Of these heroic men and women we know hardly anything for certain save their names. They lived in that age of legend and mystery during which Paganism was making its last stand against the victorious onslaught of the new faith. If their actions were recorded by contemporary writers, the manuscripts were destroyed by the barbarian hordes who scourged the land in the course of the nine hundreds--and the biographies of later writers, compiled as they must have been from hearsay evidence, and after ample time had elapsed for the legends to grow, are little more than a fascinating texture of folklore and myth--naïve and beautiful fairy tales, of which the most that can be said of them is that, perhaps, they are founded on fact.

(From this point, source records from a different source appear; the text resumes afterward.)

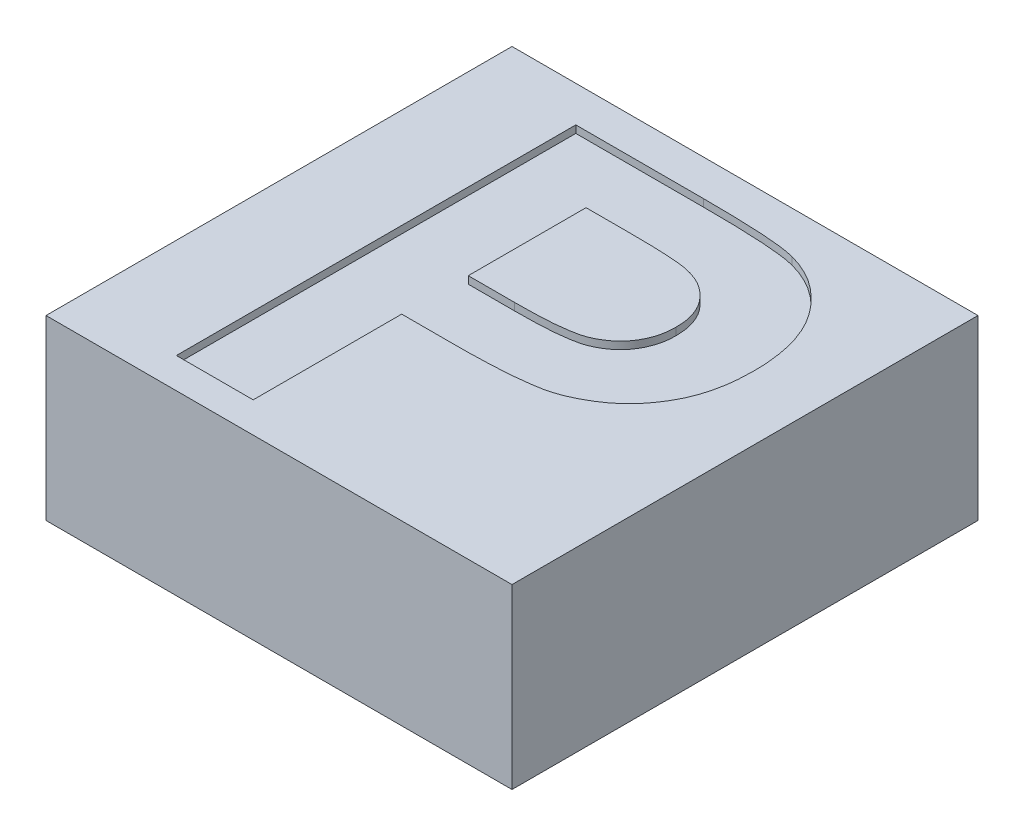
ISO-10303-21;
HEADER;
FILE_DESCRIPTION(('STEP AP214'),'2;1');
FILE_NAME('part.step','',(''),(''),'','','');
FILE_SCHEMA(('AUTOMOTIVE_DESIGN { 1 0 10303 214 1 1 1 1 }'));
ENDSEC;
DATA;
#1=APPLICATION_CONTEXT('core data for automotive mechanical design processes');
#2=APPLICATION_PROTOCOL_DEFINITION('international standard','automotive_design',2000,#1);
#3=PRODUCT_CONTEXT('',#1,'mechanical');
#4=PRODUCT('Part','Part','',(#3));
#5=PRODUCT_RELATED_PRODUCT_CATEGORY('part','',(#4));
#6=PRODUCT_DEFINITION_FORMATION('','',#4);
#7=PRODUCT_DEFINITION_CONTEXT('part definition',#1,'design');
#8=PRODUCT_DEFINITION('design','',#6,#7);
#9=PRODUCT_DEFINITION_SHAPE('','',#8);
#10=(LENGTH_UNIT() NAMED_UNIT(*) SI_UNIT(.MILLI.,.METRE.));
#11=(NAMED_UNIT(*) PLANE_ANGLE_UNIT() SI_UNIT($,.RADIAN.));
#12=(NAMED_UNIT(*) SI_UNIT($,.STERADIAN.) SOLID_ANGLE_UNIT());
#13=UNCERTAINTY_MEASURE_WITH_UNIT(LENGTH_MEASURE(1.E-05),#10,'distance_accuracy_value','');
#14=(GEOMETRIC_REPRESENTATION_CONTEXT(3) GLOBAL_UNCERTAINTY_ASSIGNED_CONTEXT((#13)) GLOBAL_UNIT_ASSIGNED_CONTEXT((#10,
#11,#12)) REPRESENTATION_CONTEXT('',''));
#15=CARTESIAN_POINT('',(0.,0.,0.));
#16=DIRECTION('',(0.,0.,1.));
#17=DIRECTION('',(1.,0.,0.));
#18=AXIS2_PLACEMENT_3D('',#15,#16,#17);
#19=CARTESIAN_POINT('',(0.,12.,0.));
#20=DIRECTION('',(0.,-1.,0.));
#21=DIRECTION('',(0.,0.,-1.));
#22=AXIS2_PLACEMENT_3D('',#19,#20,#21);
#23=PLANE('',#22);
#24=DIRECTION('',(0.,0.,1.));
#25=VECTOR('',#24,1.);
#26=CARTESIAN_POINT('',(0.,12.,0.));
#27=LINE('',#26,#25);
#28=CARTESIAN_POINT('',(0.,12.,-31.5));
#29=VERTEX_POINT('',#28);
#30=CARTESIAN_POINT('',(0.,12.,0.));
#31=VERTEX_POINT('',#30);
#32=EDGE_CURVE('E368',#29,#31,#27,.T.);
#33=ORIENTED_EDGE('',*,*,#32,.T.);
#34=DIRECTION('',(1.,0.,0.));
#35=VECTOR('',#34,1.);
#36=CARTESIAN_POINT('',(0.,12.,0.));
#37=LINE('',#36,#35);
#38=CARTESIAN_POINT('',(31.5,12.,0.));
#39=VERTEX_POINT('',#38);
#40=EDGE_CURVE('E372',#31,#39,#37,.T.);
#41=ORIENTED_EDGE('',*,*,#40,.T.);
#42=DIRECTION('',(0.,0.,-1.));
#43=VECTOR('',#42,1.);
#44=CARTESIAN_POINT('',(31.5,12.,0.));
#45=LINE('',#44,#43);
#46=CARTESIAN_POINT('',(31.5,12.,-31.5));
#47=VERTEX_POINT('',#46);
#48=EDGE_CURVE('E376',#39,#47,#45,.T.);
#49=ORIENTED_EDGE('',*,*,#48,.T.);
#50=DIRECTION('',(-1.,0.,0.));
#51=VECTOR('',#50,1.);
#52=CARTESIAN_POINT('',(0.,12.,-31.5));
#53=LINE('',#52,#51);
#54=EDGE_CURVE('E379',#47,#29,#53,.T.);
#55=ORIENTED_EDGE('',*,*,#54,.T.);
#56=EDGE_LOOP('',(#33,#41,#49,#55));
#57=FACE_BOUND('',#56,.T.);
#58=DIRECTION('',(-1.,0.,0.));
#59=VECTOR('',#58,1.);
#60=CARTESIAN_POINT('',(11.9399287114224,12.,-2.06550366549012));
#61=LINE('',#60,#59);
#62=CARTESIAN_POINT('',(11.9399287114224,12.,-2.06550366549012));
#63=VERTEX_POINT('',#62);
#64=CARTESIAN_POINT('',(6.74762101911471,12.,-2.06550366549012));
#65=VERTEX_POINT('',#64);
#66=EDGE_CURVE('E57',#63,#65,#61,.T.);
#67=ORIENTED_EDGE('',*,*,#66,.T.);
#68=DIRECTION('',(0.,0.,-1.));
#69=VECTOR('',#68,1.);
#70=CARTESIAN_POINT('',(6.74762101911471,12.,-2.06550366549012));
#71=LINE('',#70,#69);
#72=CARTESIAN_POINT('',(6.74762101911471,12.,-29.0655036654901));
#73=VERTEX_POINT('',#72);
#74=EDGE_CURVE('E289',#65,#73,#71,.T.);
#75=ORIENTED_EDGE('',*,*,#74,.T.);
#76=DIRECTION('',(1.,0.,0.));
#77=VECTOR('',#76,1.);
#78=CARTESIAN_POINT('',(6.74762101911471,12.,-29.0655036654901));
#79=LINE('',#78,#77);
#80=CARTESIAN_POINT('',(15.3852412114224,12.,-29.0655036654901));
#81=VERTEX_POINT('',#80);
#82=EDGE_CURVE('E293',#73,#81,#79,.T.);
#83=ORIENTED_EDGE('',*,*,#82,.T.);
#84=CARTESIAN_POINT('',(15.3852412114224,12.,-29.0655036654901));
#85=CARTESIAN_POINT('',(15.7764799612614,12.,-29.0650764142742));
#86=CARTESIAN_POINT('',(16.5247705810822,12.,-29.0642592455317));
#87=CARTESIAN_POINT('',(17.5921618875554,12.,-29.0415548746989));
#88=CARTESIAN_POINT('',(18.5531878465451,12.,-29.0094143358062));
#89=CARTESIAN_POINT('',(19.4064221410247,12.,-28.9693846546383));
#90=CARTESIAN_POINT('',(20.1548670784281,12.,-28.9096526823119));
#91=CARTESIAN_POINT('',(20.7951652190608,12.,-28.8404839570677));
#92=CARTESIAN_POINT('',(21.3313484783947,12.,-28.7660767638349));
#93=CARTESIAN_POINT('',(21.6470909161392,12.,-28.6890752702352));
#94=CARTESIAN_POINT('',(21.7890873652686,12.,-28.6544459731824));
#95=B_SPLINE_CURVE_WITH_KNOTS('',3,(#84,#85,#86,#87,#88,#89,#90,#91,#92,#93,#94),.UNSPECIFIED.,
.F.,.F.,(4,1,1,1,1,1,1,1,4),(0.,0.182560685864354,0.34916901466577,0.498161909879465,
0.631255146517796,0.747720654497027,0.848429126955914,0.931835182126824,1.),.UNSPECIFIED.);
#96=CARTESIAN_POINT('',(21.7890873652686,12.,-28.6544459731824));
#97=VERTEX_POINT('',#96);
#98=EDGE_CURVE('E297',#81,#97,#95,.T.);
#99=ORIENTED_EDGE('',*,*,#98,.T.);
#100=CARTESIAN_POINT('',(21.7890873652686,12.,-28.6544459731824));
#101=CARTESIAN_POINT('',(21.9779081123444,12.,-28.6006059017757));
#102=CARTESIAN_POINT('',(22.3526730574283,12.,-28.4937459739525));
#103=CARTESIAN_POINT('',(22.8895943580941,12.,-28.2659375821654));
#104=CARTESIAN_POINT('',(23.4071014704444,12.,-28.0019198093875));
#105=CARTESIAN_POINT('',(23.8986924719101,12.,-27.6872583471751));
#106=CARTESIAN_POINT('',(24.3660384345178,12.,-27.3275395472511));
#107=CARTESIAN_POINT('',(24.8105285246358,12.,-26.9256969630833));
#108=CARTESIAN_POINT('',(25.2345331441367,12.,-26.4799165937862));
#109=CARTESIAN_POINT('',(25.6321867341159,12.,-25.9910790515997));
#110=CARTESIAN_POINT('',(25.9963906435576,12.,-25.4616493091062));
#111=CARTESIAN_POINT('',(26.3111543284786,12.,-24.8908446164092));
#112=CARTESIAN_POINT('',(26.5748604830397,12.,-24.2811459836651));
#113=CARTESIAN_POINT('',(26.7995337440162,12.,-23.6371352200661));
#114=CARTESIAN_POINT('',(26.9652987474728,12.,-22.9519074861361));
#115=CARTESIAN_POINT('',(27.0813041129978,12.,-22.2302238222442));
#116=CARTESIAN_POINT('',(27.162058322044,12.,-21.471768579345));
#117=CARTESIAN_POINT('',(27.1677759698723,12.,-20.9527436692668));
#118=CARTESIAN_POINT('',(27.1706979421916,12.,-20.6874988577978));
#119=B_SPLINE_CURVE_WITH_KNOTS('',3,(#100,#101,#102,#103,#104,#105,#106,#107,#108,#109,#110,
#111,#112,#113,#114,#115,#116,#117,#118),.UNSPECIFIED.,.F.,.F.,(4,1,1,1,1,1,1,1,1,1,1,1,1,1,1,1,
4),(0.,0.0566966089636378,0.112529485629922,0.168226041849801,0.224453827384143,
0.280939346530923,0.338491443016692,0.397460189057406,0.458574525663164,0.520430686158554,
0.582933063936771,0.646631562091252,0.712213800813204,0.779824213865236,0.850065838275486,
0.923376975387565,1.),.UNSPECIFIED.);
#120=CARTESIAN_POINT('',(27.1706979421916,12.,-20.6874988577978));
#121=VERTEX_POINT('',#120);
#122=EDGE_CURVE('E303',#97,#121,#119,.T.);
#123=ORIENTED_EDGE('',*,*,#122,.T.);
#124=CARTESIAN_POINT('',(27.1706979421916,12.,-20.6874988577978));
#125=CARTESIAN_POINT('',(27.1623644922092,12.,-20.2846944556825));
#126=CARTESIAN_POINT('',(27.1463221434104,12.,-19.5092738639679));
#127=CARTESIAN_POINT('',(26.9668367254176,12.,-18.3976144616618));
#128=CARTESIAN_POINT('',(26.6930773089134,12.,-17.3821852611365));
#129=CARTESIAN_POINT('',(26.2929581416688,12.,-16.4727669530594));
#130=CARTESIAN_POINT('',(25.8051297571016,12.,-15.6657908277261));
#131=CARTESIAN_POINT('',(25.2677767479386,12.,-14.9383056619097));
#132=CARTESIAN_POINT('',(24.6541985789335,12.,-14.3122385973193));
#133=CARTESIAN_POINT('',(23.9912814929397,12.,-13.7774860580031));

But if there are no authentic chronicles of the lives of the early saints of Brabant, we know that their lives were not lived in vain; the bountiful harvest which was reaped by after generations bears witness to the excellence of the seed which these men had sown, and to the care and the diligence with which they and their successors had tended it; and after all the ecclesiastical seal of canonisation has been in most cases, especially in these early days, the outcome rather than the cause of popular devotion. As Taine shrewdly notes, man is too envious and too egoistical to lavish gratitude where none is due, and the estimation in which they were held by the people is sufficient proof of their sterling worth. We see them pale, shadowy, vague, like the white cloud which hovered over the battlefield of Louvain, but the victors saw in that white cloud, 'la benoite vierge Marie et Saint Lambert avec Monsieur Saint Pierre semblant de vouloir secourir le peuple Chrétien,' and so heartened were they by the vision that they put to flight the Pagan host, and no less fruitful in results are the forgotten lives and the forgotten labours of those great pioneers of civilisation who to-day are for us but as beautiful phantoms.